Sarah Lentz¹, Claudia Marschelke², Alla Synytska¹, *

¹AG Functional Polymer Interfaces Group, Bavarian Institute of Polymers – BPI, University of Bayreuth, Universitätsstraße 30, D-95447 Bayreuth, Germany

*E-Mail: alla.synytska@uni-bayreuth.de

² Institut Physikalische Chemie und Physik der Polymere, Leibniz Institut für Polymerforschung,  Hohe Straße 6, D-01069 Dresden

In various industry sectors, the use of enzymatic biocatalysts offers significant advantages over conventional chemical processes since they comprise better specificity, regio- and stereoselectivity, biodegradability, and mild reaction conditions.[1-3] In this regard, switchable core-shell Janus particles are a promising tailored approach for the immobilization of enzymes, thus enabling their reusability, reducing operating costs and realizing more ecological process control. [1, 4] Inspired by Roman mythology, so-called Janus particles (JPs) with two differently modified, often incompatible hemispheres will be used as a core-shell support system.

Our group aims to develop a core-shell support system that allows effective enzyme immobilization, utilization and recovery. The targeted design of the polymer brush interfaces concerning topology and architecture is critical and enables the tuning of macroscopic interface properties such as adhesion and adsorption of applied enzymes. The relationship between the molecular design of model polymer brushes, their macroscopic properties, and the applicability of particle-based systems (fully coated-, copolymer modified-, and bifunctional Janus particles) are discussed.  
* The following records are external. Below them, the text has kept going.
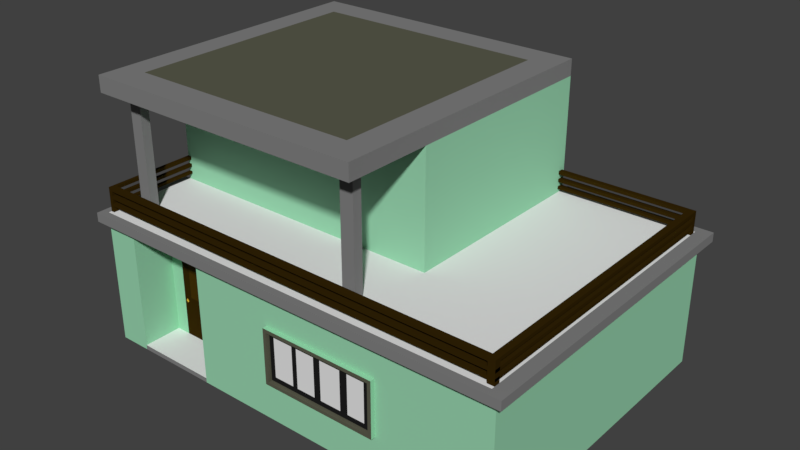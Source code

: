 # Source: building2.blend  (saved by Blender 2.78.0; exported with 4.5.12 LTS)
import bpy
from mathutils import Matrix  # noqa: F401  (used for matrix-valued properties, if any)

bpy.ops.wm.read_factory_settings(use_empty=True)
scene = bpy.context.scene
scene.name = 'Scene'

# ---- collections
col_collection_1 = bpy.data.collections.new('Collection 1'); scene.collection.children.link(col_collection_1)

# ---- materials (node trees are filled in below, after node groups)
mat_building2 = bpy.data.materials.new('Building2')
mat_building2.alpha_threshold = 0.0
mat_building2.use_transparent_shadow = False
mat_building2.diffuse_color = (0.315, 0.6654, 0.4293, 1.0)
mat_building2.roughness = 0.5
mat_building2.specular_intensity = 0.03125
mat_building2.line_color = (0.0, 0.0, 0.0, 1.0)
mat_grey = bpy.data.materials.new('Grey')
mat_grey.alpha_threshold = 0.0
mat_grey.use_transparent_shadow = False
mat_grey.diffuse_color = (0.2203, 0.2203, 0.2203, 1.0)
mat_grey.roughness = 0.5
mat_light_grey = bpy.data.materials.new('Light Grey')
mat_light_grey.alpha_threshold = 0.0
mat_light_grey.use_transparent_shadow = False
mat_light_grey.roughness = 0.5
mat_grey_roof = bpy.data.materials.new('Grey Roof')
mat_grey_roof.alpha_threshold = 0.0
mat_grey_roof.use_transparent_shadow = False
mat_grey_roof.diffuse_color = (0.1057, 0.1065, 0.07316, 1.0)
mat_grey_roof.roughness = 0.5
mat_grey_roof.specular_intensity = 0.0
mat_white = bpy.data.materials.new('White')
mat_white.alpha_threshold = 0.0
mat_white.use_transparent_shadow = False
mat_white.diffuse_color = (0.0331, 0.01764, 0.001821, 1.0)
mat_white.roughness = 0.5
mat_white.specular_intensity = 0.0
mat_black = bpy.data.materials.new('Black')
mat_black.alpha_threshold = 0.0
mat_black.use_transparent_shadow = False
mat_black.diffuse_color = (0.01341, 0.01341, 0.01341, 1.0)
mat_black.roughness = 0.5
mat_black.specular_intensity = 0.0
mat_door2 = bpy.data.materials.new('Door2')
mat_door2.alpha_threshold = 0.0
mat_door2.use_transparent_shadow = False
mat_door2.diffuse_color = (0.05497, 0.0282, 0.002367, 1.0)
mat_door2.roughness = 0.5
mat_door_handle = bpy.data.materials.new('Door handle')
mat_door_handle.alpha_threshold = 0.0
mat_door_handle.use_transparent_shadow = False
mat_door_handle.diffuse_color = (0.8, 0.4429, 0.04321, 1.0)
mat_door_handle.roughness = 0.5

# ---- material node trees

# ---- world
world_world = bpy.data.worlds.new('World'); scene.world = world_world
world_world.color = (0.05088, 0.05088, 0.05088)
world_world.use_sun_shadow = False
world_world.sun_shadow_jitter_overblur = 0.0
world_world.cycles.sampling_method = 'MANUAL'

# ---- meshes
me_cube = bpy.data.meshes.new('Cube')
me_cube.from_pydata([(5.171, 5.246, 0.09484), (5.171, -1.0, 0.09484), (-3.639, -1.0, 0.09484), (-3.639, 5.246, 0.09484), (5.171, 5.246, 2.839), (5.171, -1.0, 2.839), (-3.639, -1.0, 2.839), (-3.639, 5.246, 2.839), (2.284, 5.246, 0.09484), (2.284, -1.0, 0.09484), (2.284, 5.246, 2.839), (2.284, -1.0, 2.839), (5.171, 0.9736, 0.09484), (-3.639, 0.9736, 0.09484), (5.171, 0.9736, 2.839), (-3.639, 0.9736, 2.839), (2.284, 0.9736, 0.09484), (-3.639, 5.246, 5.479), (2.284, 5.246, 5.479), (-3.639, 0.9736, 5.479), (2.284, 0.9736, 5.479), (5.171, 0.9746, 2.839), (2.284, 0.9746, 2.839), (-3.639, 0.9746, 2.839), (-3.639, 0.9736, 5.146), (2.284, 5.246, 5.146), (-3.639, 5.246, 5.146), (2.284, 0.9737, 5.146), (-3.639, 0.9737, 5.146), (2.284, 5.246, 5.298), (-3.639, 0.9736, 5.298), (-3.639, 5.246, 5.298), (2.284, 0.9737, 5.298), (-3.639, 0.9737, 5.298), (2.284, -0.8378, 5.296), (2.284, -0.8377, 5.145), (-3.639, -0.8378, 5.296), (-3.639, -0.8377, 5.145), (1.988, 5.246, 5.479), (1.988, 0.9736, 5.479), (1.988, 0.9737, 5.146), (1.988, 5.246, 5.146), (1.988, 0.9737, 5.298), (1.988, 5.246, 5.298), (1.988, -0.8377, 5.145), (1.988, -0.8378, 5.296), (1.712, 5.246, 5.479), (1.712, 0.9737, 5.146), (1.712, 0.9737, 5.298), (1.712, -0.8377, 5.145), (1.712, -0.8378, 5.296), (1.712, 0.9736, 5.479), (1.712, 5.246, 5.146), (1.712, 5.246, 5.298), (-3.639, -0.4331, 5.145), (-3.639, -0.4332, 5.296), (2.284, -0.4331, 5.145), (2.284, -0.4332, 5.296), (1.988, -0.4331, 5.145), (1.712, -0.4331, 5.145), (-3.639, -0.243, 5.297), (-3.639, -0.243, 5.145), (2.284, -0.243, 5.145), (2.284, -0.243, 5.297), (1.988, -0.243, 5.145), (1.712, -0.243, 5.145), (-3.375, 5.246, 5.479), (-3.375, 0.9737, 5.146), (-3.375, 0.9737, 5.298), (-3.375, -0.8377, 5.145), (-3.375, -0.8378, 5.296), (-3.375, 0.9736, 5.479), (-3.375, 5.246, 5.146), (-3.375, 5.246, 5.298), (-3.375, -0.4331, 5.145), (-3.375, -0.243, 5.145), (-3.111, 0.9736, 5.479), (-3.111, 5.246, 5.146), (-3.111, 5.246, 5.298), (-3.111, 5.246, 5.479), (-3.111, 0.9737, 5.146), (-3.111, 0.9737, 5.298), (-3.111, -0.8377, 5.145), (-3.111, -0.8378, 5.296), (-3.111, -0.4331, 5.145), (-3.111, -0.243, 5.145), (1.988, -0.243, 5.145), (1.988, -0.4331, 5.145), (1.712, -0.243, 5.145), (1.712, -0.4331, 5.145), (-3.111, -0.4331, 5.145), (-3.375, -0.4331, 5.145), (-3.111, -0.243, 5.145), (-3.375, -0.243, 5.145), (1.988, -0.241, 2.515), (1.988, -0.4312, 2.515), (1.712, -0.241, 2.515), (1.712, -0.4312, 2.515), (-3.111, -0.4312, 2.515), (-3.375, -0.4312, 2.515), (-3.111, -0.241, 2.515), (-3.375, -0.241, 2.515), (5.081, 5.246, 0.09484), (5.081, -1.0, 0.09484), (5.081, 5.246, 2.839), (5.081, -1.0, 2.839), (5.081, 0.9736, 0.09484), (5.081, 0.9746, 2.839), (4.944, 5.246, 0.09484), (4.944, -1.0, 0.09484), (4.944, 5.246, 2.839), (4.944, -1.0, 2.839), (4.944, 0.9736, 0.09484), (4.944, 0.9746, 2.839), (4.944, 5.177, 2.839), (5.081, 5.177, 2.839), (5.081, 5.066, 2.839), (4.944, 5.066, 2.839), (4.944, 5.177, 3.283), (5.081, 5.177, 3.283), (5.081, 5.066, 3.283), (4.944, 5.066, 3.283), (5.081, 5.066, 3.215), (4.944, 5.066, 3.215), (4.944, 5.066, 3.12), (5.081, 5.066, 3.12), (5.081, 5.066, 3.058), (4.944, 5.066, 3.058), (5.081, 5.066, 2.962), (4.944, 5.066, 2.962), (5.081, 5.066, 2.909), (4.944, 5.066, 2.909), (5.081, -0.9355, 3.283), (4.944, -0.9355, 3.283), (4.943, -0.9355, 3.215), (5.081, -0.9355, 3.215), (4.944, -0.935, 3.058), (4.944, -0.935, 3.12), (5.081, -0.935, 3.12), (5.081, -0.935, 3.058), (4.944, -0.935, 2.909), (4.944, -0.935, 2.962), (5.081, -0.935, 2.962), (5.081, -0.935, 2.909), (4.943, -0.8166, 3.215), (4.944, -0.8166, 3.283), (5.081, -0.8166, 3.283), (5.081, -0.8166, 3.215), (5.081, -0.9355, 2.827), (4.943, -0.9355, 2.827), (4.943, -0.8166, 2.827), (5.081, -0.8166, 2.827), (4.944, -0.8166, 3.283), (5.081, -0.8166, 3.215), (4.944, -0.8166, 3.215), (5.081, -0.8166, 3.283), (5.081, -0.8168, 3.12), (5.081, -0.8168, 3.058), (4.944, -0.8168, 3.058), (4.944, -0.8168, 3.12), (4.944, -0.8186, 2.909), (4.944, -0.8186, 2.962), (5.081, -0.8186, 2.909), (5.081, -0.8186, 2.962), (4.944, -0.935, 3.058), (4.944, -0.935, 3.12), (4.944, -0.935, 2.909), (4.944, -0.935, 2.962), (4.944, -0.8168, 3.058), (4.944, -0.8186, 2.909), (4.944, -0.8168, 3.12), (4.944, -0.8186, 2.962), (4.905, -0.935, 3.058), (4.905, -0.935, 3.12), (4.905, -0.935, 2.909), (4.905, -0.935, 2.962), (4.905, -0.8168, 3.058), (4.905, -0.8186, 2.909), (4.905, -0.8168, 3.12), (4.905, -0.8186, 2.962), (4.943, -0.9355, 3.215), (4.944, -0.9355, 3.283), (4.943, -0.8166, 3.215), (4.944, -0.8166, 3.283), (4.905, -0.9355, 3.216), (4.906, -0.9355, 3.284), (4.905, -0.8166, 3.216), (4.906, -0.8166, 3.284), (-3.633, -0.935, 3.11), (-3.633, -0.935, 3.173), (-3.633, -0.935, 2.961), (-3.633, -0.935, 3.014), (-3.633, -0.8167, 3.11), (-3.633, -0.8186, 2.961), (-3.633, -0.8167, 3.173), (-3.633, -0.8186, 3.014), (-3.633, -0.9355, 3.268), (-3.632, -0.9355, 3.336), (-3.633, -0.8166, 3.268), (-3.632, -0.8166, 3.336), (-3.56, -0.8166, 3.335), (-3.56, -0.8166, 3.267), (-3.56, -0.8167, 3.11), (-3.56, -0.8167, 3.172), (-3.563, -0.8186, 3.013), (-3.563, -0.8186, 2.961), (-3.633, 1.029, 3.11), (-3.633, 1.029, 3.173), (-3.633, 1.027, 2.961), (-3.633, 1.027, 3.014), (-3.633, 1.029, 3.268), (-3.632, 1.029, 3.336), (-3.563, 1.027, 3.013), (-3.56, 1.029, 3.267), (-3.56, 1.029, 3.172), (-3.56, 1.029, 3.11), (-3.56, 1.029, 3.335), (-3.563, 1.027, 2.961), (-3.56, -0.9355, 3.267), (-3.636, -0.8166, 2.83), (-3.636, -0.9355, 2.83), (-3.562, -0.8166, 2.83), (-3.562, -0.9355, 2.83), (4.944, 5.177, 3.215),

1.    Marschelke, C., A. Fery, and A. Synytska, Janus particles: from concepts to environmentally friendly materials and sustainable applications. Colloid and Polymer Science, 2020. 298(7): p. 841-865.

2.    Hills, K.D., et al., Actuation of chitosan-aptamer nanobrush borders for pathogen sensing. Analyst, 2018. 143(7): p. 1650-1661.

3.    Huang, X., et al., Nanospherical Brush as Catalase Container for Enhancing the Detection Sensitivity of Competitive Plasmonic ELISA. Anal Chem, 2016. 88(3): p. 1951-8.

4.    Marschelke, C., et al., Hairy Particles with Immobilized Enzymes: Impact of Particle Topology on the Catalytic Activity. ACS Applied Materials & Interfaces, 2019. 11(1): p. 1645-1654.